What you are asked to do
For the entries below, print exactly the lines between the line holding "U5.4, U6.2, U7.2" and the line holding "unnamed: A_MPU1.2, U4.7", inclusive, and nothing else.

(Supplied data begins)

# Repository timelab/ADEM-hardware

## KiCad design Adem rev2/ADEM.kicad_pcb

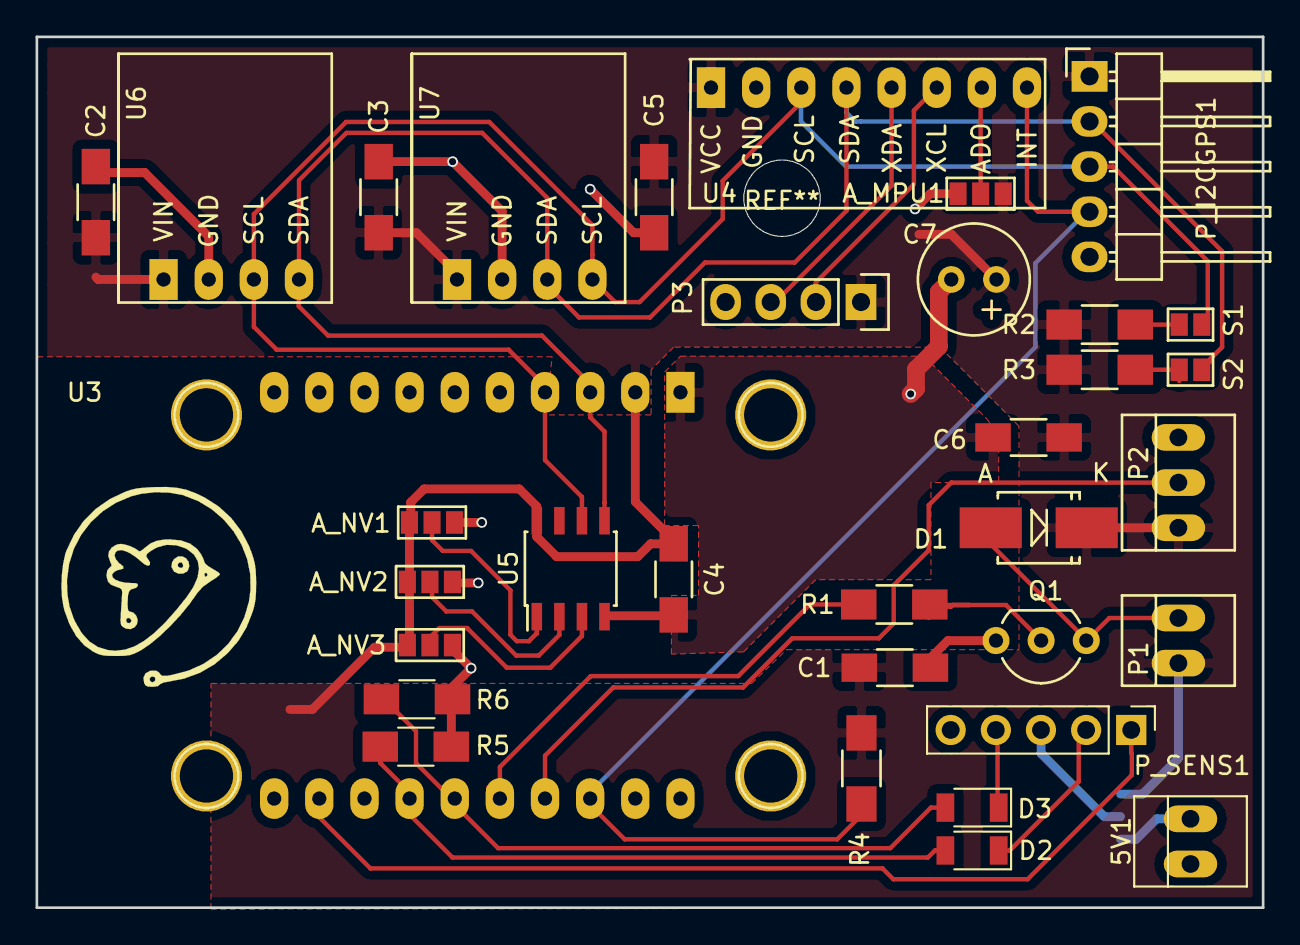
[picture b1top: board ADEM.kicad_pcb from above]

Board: 2 copper layers, 69.0 x 49.0 mm, 35 parts (1 on the bottom side), 24 nets.

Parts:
5V1: 5V; PINHEAD1-2
A_MPU1: GS_A0; GS3
A_NV1: GS_A0; GS3
A_NV2: GS_A1; GS3
A_NV3: GS_A2; GS3
C1, C2, C3, C4, C5, C6: C; C_1206_HandSoldering
C7: CP; Elko_vert_11.2x6.3mm_RM2.5
D1: DIODE; SMB_Handsoldering
D2, D3: 1V8; D_1206
P1: CONN_buzz; PINHEAD1-2
P2: CONN_01X03; PINHEAD1-3
P3: CONN_01X04; Pin_Header_Straight_1x04
P_I2CGPS1: CONN_01X05; Pin_Header_Angled_1x05
P_SENS1: CONN_01X05; Pin_Header_Straight_1x05_Pitch2.54mm
Q1: NPN; TO-92_Inline_Wide
R1, R2, R3, R4: R; R_1206_HandSoldering
R5, R6: 10K; R_1206_HandSoldering
S1: S1; GS2
S2: S2; GS2
U3: ESP8266_THING
U4: MPU6050; MPU6050_angled
U5: NVSRAM; SOIC-8_3.9x4.9mm_Pitch1.27mm
U6: BMP180
U7: HTU21D
VCC_SEL1: GS_VCC; GS3

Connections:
A_SENSOR: P_SENS1.1, U3.12
BUZZ: R1.1, U3.16
GND: 5V1.1, A_MPU1.3, A_NV1.3, A_NV2.3, A_NV3.3, C1.2, C2.2, C3.2, C4.2, C5.2, C6.2, C7.2, P2.3, P3.4, P_I2CGPS1.5, P_SENS1.5, Q1.3, R5.2, R6.2, U3.1, U3.10, U3.20, U4.2, U5.4, U6.2, U7.2
INT: P_I2CGPS1.4, R4.2, U3.18, U4.8
NEO_PXL: P2.2, U3.17
unnamed: 5V1.2, VCC_SEL1.3
unnamed: A_MPU1.2, U4.7
unnamed: A_NV1.2, U5.1
unnamed: A_NV2.2, U5.2
unnamed: A_NV3.2, U5.3
unnamed: D1.2, P1.2, Q1.1
unnamed: P3.2, U4.6
unnamed: P3.3, U4.5
unnamed: P_SENS1.3, VCC_SEL1.2
unnamed: Q1.2, R1.2
unnamed: R2.2, S1.1
unnamed: R3.1, S2.2
P10_SENS: D2.1, P_SENS1.2
P10_SENS_SHFT: D2.2, R5.1, U3.14
P25_SENS: D3.1, P_SENS1.4
P25_SENS_SHFT: D3.2, R6.1, U3.15
SCL: P_I2CGPS1.3, S1.2, U3.4, U4.3, U5.6, U6.3, U7.4
SDA: P_I2CGPS1.2, S2.1, U3.3, U4.4, U5.5, U6.4, U7.3
VCC: A_MPU1.1, A_NV1.1, A_NV2.1, A_NV3.1, C1.1, C2.1, C3.1, C4.1, C5.1, C6.1, C7.1, D1.1, P1.1, P2.1, P3.1, P_I2CGPS1.1, R2.1, R3.2, R4.1, U3.2, U4.1, U5.8, U6.1, U7.1, VCC_SEL1.1

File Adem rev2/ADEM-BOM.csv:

"Id";"Designator";"Package";"Quantity";"Designation";"Supplier and ref";
1;"U3";"ESP8266_THING";1;"ESP8266_THING";;;
2;"REF**";"MountingHole_4.3mm_M4";1;"MountingHole_4.3mm_M4";;;
3;"U7";"HTU21D";1;"HTU21D";;;
4;"R3,R1,R2,R4";"R_1206_HandSoldering";4;"R";;;
5;"C1,C2,C3,C4,C5,C6";"C_1206_HandSoldering";6;"C";;;
6;"D1";"SMB_Handsoldering";1;"DIODE";;;
7;"P1";"PINHEAD1-2";1;"CONN_buzz";;;
8;"Q1";"TO-92_Inline_Wide";1;"NPN";;;
9;"U5";"SOIC-8_3.9x4.9mm_Pitch1.27mm";1;"NVSRAM";;;
10;"U6";"BMP180";1;"BMP180";;;
11;"P2";"PINHEAD1-3";1;"CONN_01X03";;;
12;"P3";"Pin_Header_Straight_1x04";1;"CONN_01X04";;;
13;"C7";"Elko_vert_11.2x6.3mm_RM2.5";1;"CP";;;
14;"S2";"GS2";1;"S2";;;
15;"P_I2CGPS1";"Pin_Header_Angled_1x05";1;"CONN_01X05";;;
16;"A_MPU1,A_NV1";"GS3";2;"GS_A0";;;
17;"A_NV2";"GS3";1;"GS_A1";;;
18;"A_NV3";"GS3";1;"GS_A2";;;
19;"S1";"GS2";1;"S1";;;
20;"U4";"MPU6050_angled";1;"MPU6050";;;
21;"";"adem_logo";1;"";;;
22;"";"adem_logo-txt_17_B_silk";1;"";;;
23;"5V1";"PINHEAD1-2";1;"5V";;;
24;"D2,D3";"D_1206";2;"1V8";;;
25;"R5,R6";"R_1206_HandSoldering";2;"10K";;;
26;"P_SENS1";"Pin_Header_Straight_1x05_Pitch2.54mm";1;"CONN_01X05";;;
27;"VCC_SEL1";"GS3";1;"GS_VCC";;;

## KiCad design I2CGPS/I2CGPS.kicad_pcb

(Supplied data ends)

Answer section
GND: 5V1.1, A_MPU1.3, A_NV1.3, A_NV2.3, A_NV3.3, C1.2, C2.2, C3.2, C4.2, C5.2, C6.2, C7.2, P2.3, P3.4, P_I2CGPS1.5, P_SENS1.5, Q1.3, R5.2, R6.2, U3.1, U3.10, U3.20, U4.2, U5.4, U6.2, U7.2
INT: P_I2CGPS1.4, R4.2, U3.18, U4.8
NEO_PXL: P2.2, U3.17
unnamed: 5V1.2, VCC_SEL1.3
unnamed: A_MPU1.2, U4.7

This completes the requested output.